Hessian diagonal, second derivative wrt a single weight

sebamenabar · September 13, 2018, 9:58pm

Hello, I’m trying to build the diagonal of the Hessian Matrix of the loss wrt to the weights.

It can be achieved by iterating over each element of the first derivative of the loss and taking it’s derivative wrt to the weights again. The problem is that it is a very heavy computation, and I think very impractical for ‘big’ (not really compared to the really big ones) networks, over 1M parameters.
This can be achieved with the following code

def eval_hessian(loss, weights):
    # https://discuss.pytorch.org/t/compute-the-hessian-matrix-of-a-network/15270/3
    loss_grad = grad(loss, weights, create_graph=True, retain_graph=True)

    g_vector = torch.empty((0,))
    for g in loss_grad:
        g_vector = torch.cat([g_vector, g.contiguous().view(-1)])
    l = g_vector.size(0)
    hessian = torch.zeros(l, l)
    for idx in range(l):
        grad2rd = grad(g_vector[idx], weights, create_graph=True, retain_graph=True)
        g2 = torch.empty((0,))
        for g in grad2rd:
            g2 = torch.cat([g2, g.contiguous().view(-1)])
        hessian[idx] = g2
    return hessian

Since I only need the diagonal of the matrix I tried some modifications that would only take the second derivative wrt to the same weight of the first derivative, and not compute the whole matrix, like the following:

def eval_hessian_diag(loss, weights):
    def cat_tensors(tensors):
        t_tensor = torch.empty((sum(t.numel() for t in tensors),))
        offset = 0
        for t in tensors:
            t_tensor[offset:offset + t.numel()] = t.contiguous().view(-1)
            offset += t.numel()
        return t_tensor
    
    loss_grad = grad(loss, weights, create_graph=True, retain_graph=True)
    g_tensor = cat_tensors(loss_grad)
    w_tensor = cat_tensors(weights)
    
    l = g_tensor.size(0)
    hessian_diag = torch.empty(l)    
    for idx in range(l):
        grad2rd = grad(g_tensor[idx], w_tensor[idx], create_graph=True)
        hessian_diag[l] = grad2rd[0]

    return hessian_diag

But when I do this I get the error:
RuntimeError: One of the differentiated Tensors appears to not have been used in the graph. Set allow_unused=True if this is the desired behavior.
The originates here
grad2rd = grad(g_tensor[idx], w_tensor[idx], create_graph=True)
I found out that the grad needs to be wrt to the whole weight tensor (i.e. the complete matrix of weights of a NN layer), and cannot be computed with respect to a single weight.

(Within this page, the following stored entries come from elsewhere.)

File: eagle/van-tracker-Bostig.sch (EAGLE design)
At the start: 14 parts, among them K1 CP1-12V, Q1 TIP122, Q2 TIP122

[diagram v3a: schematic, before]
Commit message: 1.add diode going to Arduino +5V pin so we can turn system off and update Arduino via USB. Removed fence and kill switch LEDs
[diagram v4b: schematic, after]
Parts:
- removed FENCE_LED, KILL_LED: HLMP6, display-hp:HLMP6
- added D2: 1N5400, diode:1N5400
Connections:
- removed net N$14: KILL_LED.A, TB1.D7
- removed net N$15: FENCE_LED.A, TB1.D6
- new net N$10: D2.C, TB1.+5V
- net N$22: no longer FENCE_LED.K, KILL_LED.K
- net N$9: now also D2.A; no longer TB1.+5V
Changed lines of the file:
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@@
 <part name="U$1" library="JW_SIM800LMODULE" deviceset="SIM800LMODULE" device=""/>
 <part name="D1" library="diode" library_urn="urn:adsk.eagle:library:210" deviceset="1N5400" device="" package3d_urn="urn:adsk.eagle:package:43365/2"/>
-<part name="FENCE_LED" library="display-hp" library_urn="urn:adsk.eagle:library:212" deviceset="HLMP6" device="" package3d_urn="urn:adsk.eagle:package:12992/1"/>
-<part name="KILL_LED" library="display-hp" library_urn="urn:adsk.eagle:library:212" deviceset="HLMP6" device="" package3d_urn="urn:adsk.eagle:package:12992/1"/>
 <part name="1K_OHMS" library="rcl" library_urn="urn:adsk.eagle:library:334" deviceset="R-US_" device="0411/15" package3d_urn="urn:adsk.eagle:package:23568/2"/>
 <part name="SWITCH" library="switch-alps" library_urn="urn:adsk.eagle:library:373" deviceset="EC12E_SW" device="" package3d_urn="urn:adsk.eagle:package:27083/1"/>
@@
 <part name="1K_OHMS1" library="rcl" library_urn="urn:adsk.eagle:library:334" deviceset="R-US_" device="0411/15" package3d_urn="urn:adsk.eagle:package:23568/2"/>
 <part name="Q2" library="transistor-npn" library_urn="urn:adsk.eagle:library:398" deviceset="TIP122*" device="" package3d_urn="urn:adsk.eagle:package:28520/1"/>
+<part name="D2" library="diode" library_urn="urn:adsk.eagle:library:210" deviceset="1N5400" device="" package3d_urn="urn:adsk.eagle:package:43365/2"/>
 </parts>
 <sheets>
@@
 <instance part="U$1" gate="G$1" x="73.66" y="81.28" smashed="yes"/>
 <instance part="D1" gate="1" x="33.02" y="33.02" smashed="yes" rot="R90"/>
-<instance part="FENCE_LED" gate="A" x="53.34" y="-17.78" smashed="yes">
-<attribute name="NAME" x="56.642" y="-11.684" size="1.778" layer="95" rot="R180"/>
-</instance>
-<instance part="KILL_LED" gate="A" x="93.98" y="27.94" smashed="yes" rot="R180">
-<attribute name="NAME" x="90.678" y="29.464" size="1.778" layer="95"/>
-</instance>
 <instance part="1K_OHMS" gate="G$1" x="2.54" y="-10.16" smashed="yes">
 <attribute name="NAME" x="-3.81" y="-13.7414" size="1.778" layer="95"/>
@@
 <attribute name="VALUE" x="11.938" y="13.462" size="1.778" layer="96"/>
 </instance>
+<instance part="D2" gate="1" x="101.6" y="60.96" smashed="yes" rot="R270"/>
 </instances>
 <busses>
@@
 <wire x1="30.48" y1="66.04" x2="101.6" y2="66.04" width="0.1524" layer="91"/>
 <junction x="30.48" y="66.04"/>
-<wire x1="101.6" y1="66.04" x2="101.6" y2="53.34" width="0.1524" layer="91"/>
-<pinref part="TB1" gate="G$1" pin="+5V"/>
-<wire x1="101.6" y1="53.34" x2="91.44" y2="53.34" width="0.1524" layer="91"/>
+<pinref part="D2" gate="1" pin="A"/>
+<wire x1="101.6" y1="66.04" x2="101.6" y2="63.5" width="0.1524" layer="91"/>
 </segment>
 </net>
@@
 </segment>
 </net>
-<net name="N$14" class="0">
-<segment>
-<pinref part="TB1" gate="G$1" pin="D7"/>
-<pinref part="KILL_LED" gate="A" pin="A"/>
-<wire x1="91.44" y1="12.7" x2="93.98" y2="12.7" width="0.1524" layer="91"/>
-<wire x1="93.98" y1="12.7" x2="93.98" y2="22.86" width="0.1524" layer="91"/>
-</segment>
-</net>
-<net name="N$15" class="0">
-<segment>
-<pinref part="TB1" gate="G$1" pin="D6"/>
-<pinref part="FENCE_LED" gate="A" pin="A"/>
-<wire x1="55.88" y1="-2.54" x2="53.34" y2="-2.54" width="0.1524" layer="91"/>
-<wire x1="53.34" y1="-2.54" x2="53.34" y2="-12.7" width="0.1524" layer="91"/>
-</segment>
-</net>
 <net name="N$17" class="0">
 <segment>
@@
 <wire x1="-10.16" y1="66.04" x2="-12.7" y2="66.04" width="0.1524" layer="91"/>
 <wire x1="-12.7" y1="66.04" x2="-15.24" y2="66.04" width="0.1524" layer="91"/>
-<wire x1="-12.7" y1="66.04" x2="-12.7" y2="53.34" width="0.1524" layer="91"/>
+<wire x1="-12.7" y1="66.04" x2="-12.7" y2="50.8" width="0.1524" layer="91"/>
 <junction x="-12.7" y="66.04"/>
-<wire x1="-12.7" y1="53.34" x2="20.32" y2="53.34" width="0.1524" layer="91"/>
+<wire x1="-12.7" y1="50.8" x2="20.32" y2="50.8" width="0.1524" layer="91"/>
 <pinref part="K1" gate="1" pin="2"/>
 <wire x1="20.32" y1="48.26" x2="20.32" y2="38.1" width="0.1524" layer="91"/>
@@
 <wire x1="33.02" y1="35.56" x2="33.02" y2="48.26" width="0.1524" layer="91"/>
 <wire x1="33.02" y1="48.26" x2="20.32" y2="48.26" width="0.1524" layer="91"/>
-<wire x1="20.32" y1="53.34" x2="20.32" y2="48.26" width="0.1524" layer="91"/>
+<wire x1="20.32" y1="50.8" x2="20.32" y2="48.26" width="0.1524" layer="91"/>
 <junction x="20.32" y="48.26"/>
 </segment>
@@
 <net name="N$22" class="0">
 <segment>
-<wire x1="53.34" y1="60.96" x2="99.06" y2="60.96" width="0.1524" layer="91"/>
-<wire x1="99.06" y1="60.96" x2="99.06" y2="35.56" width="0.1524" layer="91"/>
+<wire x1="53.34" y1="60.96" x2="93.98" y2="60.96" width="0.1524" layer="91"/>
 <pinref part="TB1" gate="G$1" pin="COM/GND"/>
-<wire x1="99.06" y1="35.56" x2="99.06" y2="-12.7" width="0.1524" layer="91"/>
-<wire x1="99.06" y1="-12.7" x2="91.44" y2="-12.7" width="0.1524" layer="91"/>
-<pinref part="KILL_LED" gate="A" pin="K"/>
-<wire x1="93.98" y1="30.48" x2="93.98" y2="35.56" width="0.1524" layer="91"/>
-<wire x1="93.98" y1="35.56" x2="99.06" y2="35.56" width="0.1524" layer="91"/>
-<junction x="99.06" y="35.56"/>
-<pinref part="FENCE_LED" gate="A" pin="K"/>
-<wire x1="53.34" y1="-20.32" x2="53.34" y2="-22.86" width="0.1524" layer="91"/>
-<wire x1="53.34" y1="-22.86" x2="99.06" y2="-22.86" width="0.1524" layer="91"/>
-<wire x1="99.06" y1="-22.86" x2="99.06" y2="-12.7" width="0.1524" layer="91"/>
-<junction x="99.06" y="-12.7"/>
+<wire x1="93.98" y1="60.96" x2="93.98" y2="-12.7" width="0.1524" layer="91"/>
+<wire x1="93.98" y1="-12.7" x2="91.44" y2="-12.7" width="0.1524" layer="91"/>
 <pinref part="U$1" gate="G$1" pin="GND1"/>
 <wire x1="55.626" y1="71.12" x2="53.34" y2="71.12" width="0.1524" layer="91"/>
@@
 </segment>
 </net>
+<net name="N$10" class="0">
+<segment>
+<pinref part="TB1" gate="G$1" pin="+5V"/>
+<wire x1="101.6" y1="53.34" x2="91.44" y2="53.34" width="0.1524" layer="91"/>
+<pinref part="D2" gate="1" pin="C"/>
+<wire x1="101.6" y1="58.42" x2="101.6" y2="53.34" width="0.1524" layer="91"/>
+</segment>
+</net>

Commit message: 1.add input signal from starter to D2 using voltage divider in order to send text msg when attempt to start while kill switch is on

So my question is if there is another way to compute the diagonal of the Hessian, or the second derivative without having to compute it wrt to every possible pair of weights.

n-gao · July 16, 2020, 9:00am

You certainly have solved this issue by now but to help the next lost soul. The line is supposed to be:

grad2rd = grad(g_tensor[idx], w_tensor[idx], retain_graph=True)

Ethan_R · May 22, 2021, 1:08am

Hello, I attempted the solution you proposed here yet I’m still getting the same error. Can you perhaps spot why?

def eval_hessian_diag(loss, model):
	def cat_tensors(tensors):
		t_tensor = torch.empty((sum(t.numel() for t in tensors),))
		offset = 0
		for t in tensors:
			t_tensor[offset:offset + t.numel()] = t.contiguous().view(-1)
			offset += t.numel()
		return t_tensor
	weights = list(model.parameters())
	loss_grad = grad(loss, weights, create_graph=True, retain_graph=True)
	g_tensor = cat_tensors(loss_grad)
	w_tensor = cat_tensors(weights)
    
	l = g_tensor.size(0)
	hessian_diag = torch.empty(l)   
	for idx in range(l):
		grad2rd = grad(g_tensor[idx], w_tensor[idx], retain_graph=True)
		hessian_diag[l] = grad2rd[0]

	return hessian_diag

Just to clarify the difference between my function and the one above is that this function takes in the model and then gets the weights by performing list(model.parameters()). I did this to make it clear where the weights are coming from.